TASK GOAL
Your answer should consist of each line from the data below that contains "tauIi".

Collected data entries
--- --- ---

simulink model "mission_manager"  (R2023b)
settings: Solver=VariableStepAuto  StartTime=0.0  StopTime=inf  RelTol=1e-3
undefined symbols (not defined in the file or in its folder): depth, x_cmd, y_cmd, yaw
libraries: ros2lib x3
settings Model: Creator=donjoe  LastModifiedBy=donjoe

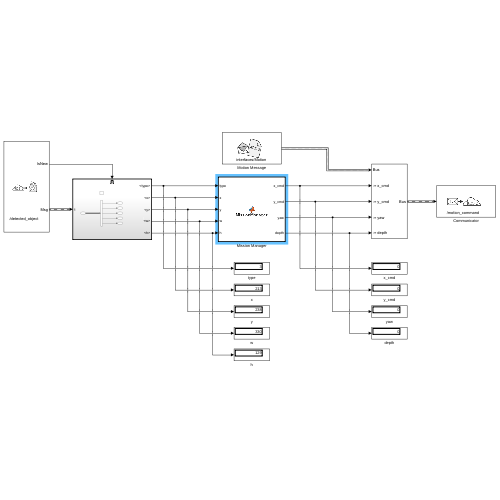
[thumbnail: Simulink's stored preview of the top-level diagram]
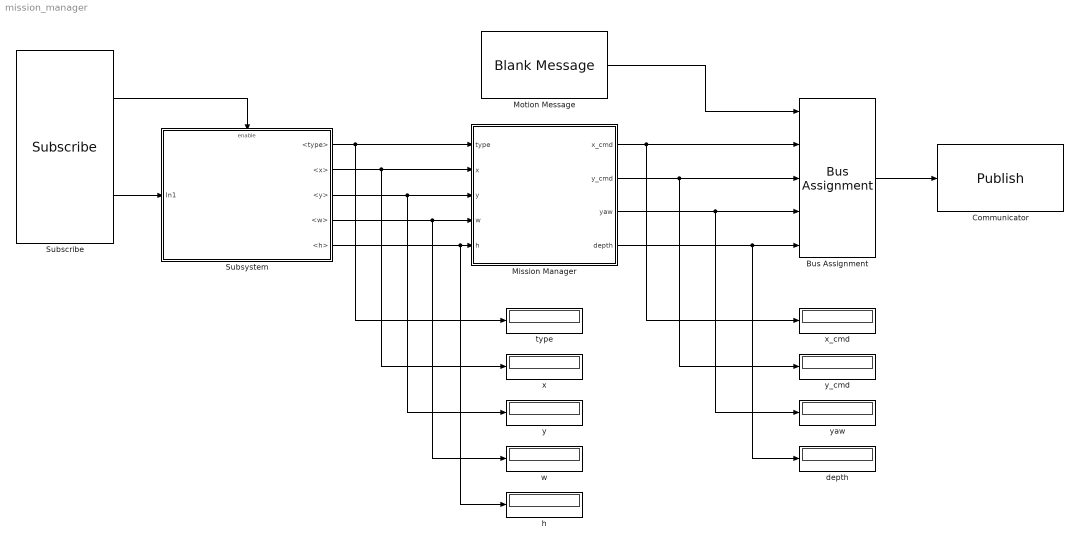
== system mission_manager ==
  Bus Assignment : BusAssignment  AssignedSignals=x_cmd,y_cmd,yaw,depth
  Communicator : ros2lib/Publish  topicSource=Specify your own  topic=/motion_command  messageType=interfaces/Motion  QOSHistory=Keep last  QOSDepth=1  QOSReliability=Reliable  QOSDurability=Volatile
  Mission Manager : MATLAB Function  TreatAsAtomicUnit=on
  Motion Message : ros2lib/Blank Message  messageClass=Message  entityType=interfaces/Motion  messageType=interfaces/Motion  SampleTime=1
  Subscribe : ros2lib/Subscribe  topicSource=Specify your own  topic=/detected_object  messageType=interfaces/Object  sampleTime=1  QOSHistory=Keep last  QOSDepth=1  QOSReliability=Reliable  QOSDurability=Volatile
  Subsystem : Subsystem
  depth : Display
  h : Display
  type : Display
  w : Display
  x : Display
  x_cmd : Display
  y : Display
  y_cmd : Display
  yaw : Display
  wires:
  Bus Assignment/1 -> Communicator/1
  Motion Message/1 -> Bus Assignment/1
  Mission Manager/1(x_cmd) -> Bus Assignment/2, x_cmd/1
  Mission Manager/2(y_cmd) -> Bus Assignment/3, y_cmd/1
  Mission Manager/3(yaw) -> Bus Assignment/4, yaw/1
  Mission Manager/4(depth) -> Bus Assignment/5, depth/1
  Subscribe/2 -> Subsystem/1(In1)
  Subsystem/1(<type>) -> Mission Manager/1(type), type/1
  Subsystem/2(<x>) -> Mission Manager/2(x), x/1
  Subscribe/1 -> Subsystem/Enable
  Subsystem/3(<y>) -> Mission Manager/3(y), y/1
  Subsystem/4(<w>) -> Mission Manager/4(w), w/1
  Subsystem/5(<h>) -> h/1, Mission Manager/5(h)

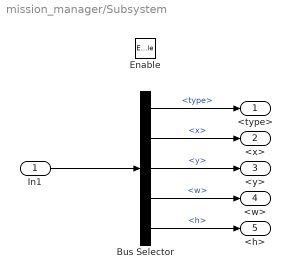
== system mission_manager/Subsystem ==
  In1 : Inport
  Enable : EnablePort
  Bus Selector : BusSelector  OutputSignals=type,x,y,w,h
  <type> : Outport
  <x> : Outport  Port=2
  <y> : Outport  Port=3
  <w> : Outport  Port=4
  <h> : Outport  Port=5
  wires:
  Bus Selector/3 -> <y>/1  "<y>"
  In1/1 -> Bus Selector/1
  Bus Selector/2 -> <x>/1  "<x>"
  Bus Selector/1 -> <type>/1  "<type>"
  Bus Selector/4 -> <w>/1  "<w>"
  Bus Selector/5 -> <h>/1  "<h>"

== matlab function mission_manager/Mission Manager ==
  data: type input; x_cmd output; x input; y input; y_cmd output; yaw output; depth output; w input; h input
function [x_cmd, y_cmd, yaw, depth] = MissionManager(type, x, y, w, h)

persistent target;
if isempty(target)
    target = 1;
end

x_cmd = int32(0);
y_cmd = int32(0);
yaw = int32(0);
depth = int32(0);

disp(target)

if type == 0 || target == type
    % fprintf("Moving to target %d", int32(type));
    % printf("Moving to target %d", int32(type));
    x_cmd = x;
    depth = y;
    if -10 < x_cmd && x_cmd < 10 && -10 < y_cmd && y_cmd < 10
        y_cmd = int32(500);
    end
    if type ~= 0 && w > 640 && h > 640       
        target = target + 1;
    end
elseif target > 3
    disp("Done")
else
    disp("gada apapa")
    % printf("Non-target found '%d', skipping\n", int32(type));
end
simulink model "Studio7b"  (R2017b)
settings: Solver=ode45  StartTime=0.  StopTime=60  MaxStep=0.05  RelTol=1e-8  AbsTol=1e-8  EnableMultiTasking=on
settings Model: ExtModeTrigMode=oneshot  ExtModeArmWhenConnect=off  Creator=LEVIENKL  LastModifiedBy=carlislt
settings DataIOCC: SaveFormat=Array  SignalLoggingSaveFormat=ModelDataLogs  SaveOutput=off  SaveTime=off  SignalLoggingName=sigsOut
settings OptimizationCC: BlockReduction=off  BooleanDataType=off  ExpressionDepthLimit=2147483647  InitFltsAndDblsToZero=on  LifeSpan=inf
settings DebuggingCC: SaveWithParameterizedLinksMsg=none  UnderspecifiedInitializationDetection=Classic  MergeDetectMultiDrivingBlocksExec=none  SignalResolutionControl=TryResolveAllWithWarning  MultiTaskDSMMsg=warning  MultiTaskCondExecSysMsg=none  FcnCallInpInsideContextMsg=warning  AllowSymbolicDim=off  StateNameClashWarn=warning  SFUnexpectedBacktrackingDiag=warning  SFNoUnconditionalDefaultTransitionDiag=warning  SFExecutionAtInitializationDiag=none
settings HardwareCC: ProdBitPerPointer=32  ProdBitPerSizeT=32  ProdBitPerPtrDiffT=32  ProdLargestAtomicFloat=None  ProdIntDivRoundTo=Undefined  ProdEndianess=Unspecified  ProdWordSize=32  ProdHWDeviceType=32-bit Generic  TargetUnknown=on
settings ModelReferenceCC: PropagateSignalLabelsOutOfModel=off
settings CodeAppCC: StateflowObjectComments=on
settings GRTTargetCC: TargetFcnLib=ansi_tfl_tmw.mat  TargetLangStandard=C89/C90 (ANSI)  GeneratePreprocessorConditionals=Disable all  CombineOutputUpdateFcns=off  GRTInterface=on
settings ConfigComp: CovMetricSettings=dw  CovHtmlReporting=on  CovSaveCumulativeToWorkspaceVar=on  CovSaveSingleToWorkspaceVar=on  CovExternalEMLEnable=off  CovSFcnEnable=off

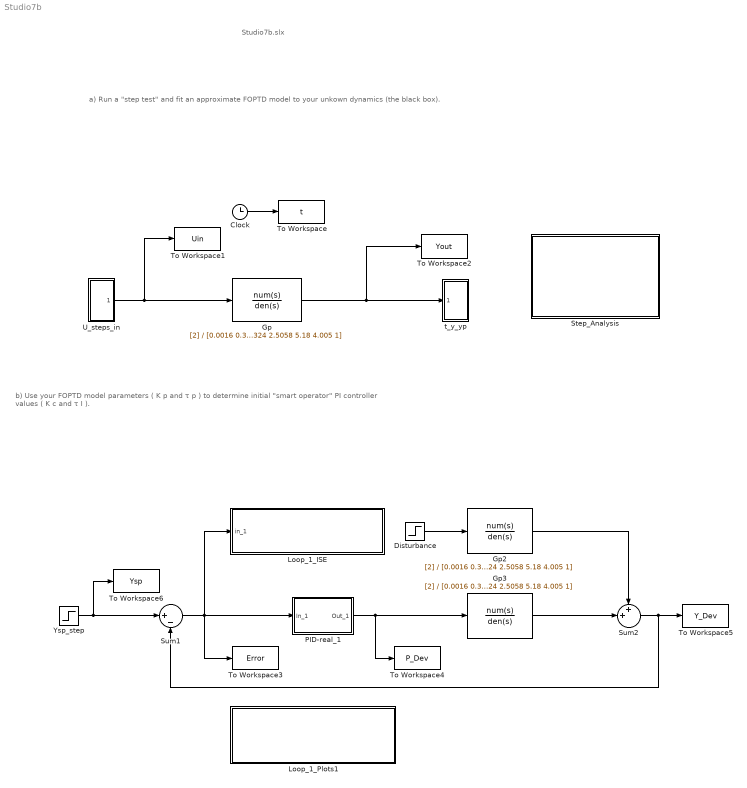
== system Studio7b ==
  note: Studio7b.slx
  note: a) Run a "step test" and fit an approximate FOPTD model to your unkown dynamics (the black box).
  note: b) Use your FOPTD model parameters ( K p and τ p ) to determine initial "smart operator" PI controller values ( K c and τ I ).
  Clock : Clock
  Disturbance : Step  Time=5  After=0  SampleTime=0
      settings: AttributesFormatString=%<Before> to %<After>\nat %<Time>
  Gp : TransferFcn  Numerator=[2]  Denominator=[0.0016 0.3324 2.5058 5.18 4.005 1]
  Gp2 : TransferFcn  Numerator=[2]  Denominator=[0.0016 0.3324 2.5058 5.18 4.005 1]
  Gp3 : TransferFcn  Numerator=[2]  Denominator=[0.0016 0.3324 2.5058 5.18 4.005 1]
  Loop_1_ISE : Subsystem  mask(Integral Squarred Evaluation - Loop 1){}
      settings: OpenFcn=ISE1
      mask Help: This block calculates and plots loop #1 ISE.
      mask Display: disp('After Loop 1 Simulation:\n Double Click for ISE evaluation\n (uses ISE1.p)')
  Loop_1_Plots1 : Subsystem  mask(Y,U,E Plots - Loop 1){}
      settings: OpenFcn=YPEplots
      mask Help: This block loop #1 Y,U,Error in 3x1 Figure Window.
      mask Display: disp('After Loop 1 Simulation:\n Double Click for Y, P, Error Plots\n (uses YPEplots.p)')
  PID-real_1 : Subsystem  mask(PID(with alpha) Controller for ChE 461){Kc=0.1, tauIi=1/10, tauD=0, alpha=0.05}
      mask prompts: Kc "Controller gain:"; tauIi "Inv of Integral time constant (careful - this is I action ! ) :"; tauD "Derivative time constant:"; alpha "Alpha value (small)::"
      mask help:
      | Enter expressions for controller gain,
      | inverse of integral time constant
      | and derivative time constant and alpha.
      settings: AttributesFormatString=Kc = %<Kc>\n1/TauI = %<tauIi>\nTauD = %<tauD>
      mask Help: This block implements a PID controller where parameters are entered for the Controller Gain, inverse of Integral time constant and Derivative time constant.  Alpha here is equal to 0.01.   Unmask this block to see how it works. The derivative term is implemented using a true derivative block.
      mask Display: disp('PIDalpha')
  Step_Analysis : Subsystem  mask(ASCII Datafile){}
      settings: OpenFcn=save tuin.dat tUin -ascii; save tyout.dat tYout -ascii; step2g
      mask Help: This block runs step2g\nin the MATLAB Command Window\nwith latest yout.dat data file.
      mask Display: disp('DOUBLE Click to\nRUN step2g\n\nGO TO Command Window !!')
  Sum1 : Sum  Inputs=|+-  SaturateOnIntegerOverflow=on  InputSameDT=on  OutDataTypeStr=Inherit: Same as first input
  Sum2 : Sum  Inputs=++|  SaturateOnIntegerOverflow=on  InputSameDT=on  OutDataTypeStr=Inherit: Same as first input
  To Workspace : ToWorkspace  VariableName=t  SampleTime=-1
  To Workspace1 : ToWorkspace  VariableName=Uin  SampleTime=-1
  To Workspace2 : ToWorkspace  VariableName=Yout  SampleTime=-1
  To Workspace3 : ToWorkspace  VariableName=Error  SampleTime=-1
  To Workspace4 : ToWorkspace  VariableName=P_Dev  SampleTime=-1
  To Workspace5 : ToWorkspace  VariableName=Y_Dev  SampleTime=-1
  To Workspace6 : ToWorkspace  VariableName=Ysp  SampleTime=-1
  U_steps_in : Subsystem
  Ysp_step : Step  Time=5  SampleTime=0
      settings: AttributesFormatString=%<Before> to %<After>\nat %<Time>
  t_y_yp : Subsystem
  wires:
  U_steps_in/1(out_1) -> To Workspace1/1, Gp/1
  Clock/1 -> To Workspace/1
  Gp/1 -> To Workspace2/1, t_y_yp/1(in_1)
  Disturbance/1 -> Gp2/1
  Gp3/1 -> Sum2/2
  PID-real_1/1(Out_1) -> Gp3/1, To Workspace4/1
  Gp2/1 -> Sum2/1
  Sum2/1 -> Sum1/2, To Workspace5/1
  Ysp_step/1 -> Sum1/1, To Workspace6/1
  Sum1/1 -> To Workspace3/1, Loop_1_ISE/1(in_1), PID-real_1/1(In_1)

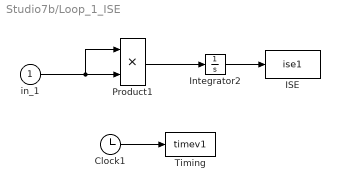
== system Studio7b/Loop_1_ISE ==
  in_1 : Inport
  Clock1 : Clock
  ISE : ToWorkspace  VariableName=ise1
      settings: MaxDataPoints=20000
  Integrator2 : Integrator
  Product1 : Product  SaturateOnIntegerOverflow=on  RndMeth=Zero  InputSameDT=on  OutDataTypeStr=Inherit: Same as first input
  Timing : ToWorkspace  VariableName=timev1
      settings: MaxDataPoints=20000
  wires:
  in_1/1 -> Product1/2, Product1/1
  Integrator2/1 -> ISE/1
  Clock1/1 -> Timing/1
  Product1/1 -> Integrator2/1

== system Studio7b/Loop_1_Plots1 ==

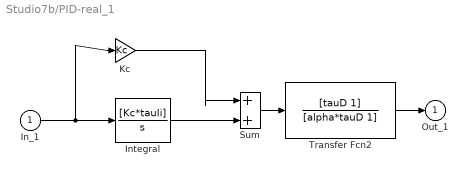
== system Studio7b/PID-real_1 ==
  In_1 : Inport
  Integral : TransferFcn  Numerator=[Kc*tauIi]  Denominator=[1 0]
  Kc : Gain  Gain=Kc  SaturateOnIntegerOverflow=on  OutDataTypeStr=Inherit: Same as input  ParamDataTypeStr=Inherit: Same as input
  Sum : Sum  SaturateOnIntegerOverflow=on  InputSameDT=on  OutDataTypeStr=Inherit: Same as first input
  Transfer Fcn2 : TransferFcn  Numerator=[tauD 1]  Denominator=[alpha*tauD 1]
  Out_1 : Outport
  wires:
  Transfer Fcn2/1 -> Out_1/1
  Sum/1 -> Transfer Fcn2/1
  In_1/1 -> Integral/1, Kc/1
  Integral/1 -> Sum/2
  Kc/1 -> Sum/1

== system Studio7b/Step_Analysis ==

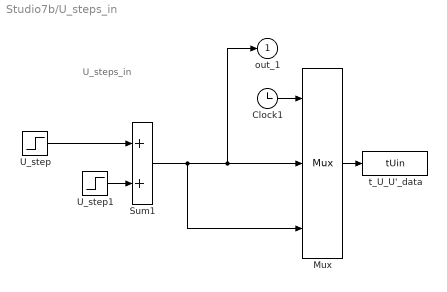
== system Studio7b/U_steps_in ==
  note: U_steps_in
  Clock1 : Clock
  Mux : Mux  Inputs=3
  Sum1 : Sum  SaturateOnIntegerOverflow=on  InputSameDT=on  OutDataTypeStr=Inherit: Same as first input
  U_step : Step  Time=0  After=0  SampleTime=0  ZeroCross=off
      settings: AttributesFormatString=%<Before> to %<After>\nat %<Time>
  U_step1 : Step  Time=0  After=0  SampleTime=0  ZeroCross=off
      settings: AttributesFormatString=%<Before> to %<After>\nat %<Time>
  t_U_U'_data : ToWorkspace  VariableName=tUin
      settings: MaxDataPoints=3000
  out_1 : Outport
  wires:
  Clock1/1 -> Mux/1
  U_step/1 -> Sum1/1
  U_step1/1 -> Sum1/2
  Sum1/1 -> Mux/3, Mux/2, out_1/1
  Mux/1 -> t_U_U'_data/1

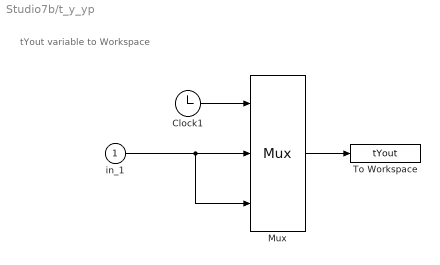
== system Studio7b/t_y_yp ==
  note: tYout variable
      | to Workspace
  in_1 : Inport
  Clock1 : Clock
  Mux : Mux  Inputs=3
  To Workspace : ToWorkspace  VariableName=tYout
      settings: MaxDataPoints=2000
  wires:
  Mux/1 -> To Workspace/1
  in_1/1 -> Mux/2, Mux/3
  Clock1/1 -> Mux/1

--- --- ---

RESULT BELOW
  PID-real_1 : Subsystem  mask(PID(with alpha) Controller for ChE 461){Kc=0.1, tauIi=1/10, tauD=0, alpha=0.05}
      mask prompts: Kc "Controller gain:"; tauIi "Inv of Integral time constant (careful - this is I action ! ) :"; tauD "Derivative time constant:"; alpha "Alpha value (small)::"
      settings: AttributesFormatString=Kc = %<Kc>\n1/TauI = %<tauIi>\nTauD = %<tauD>
  Integral : TransferFcn  Numerator=[Kc*tauIi]  Denominator=[1 0]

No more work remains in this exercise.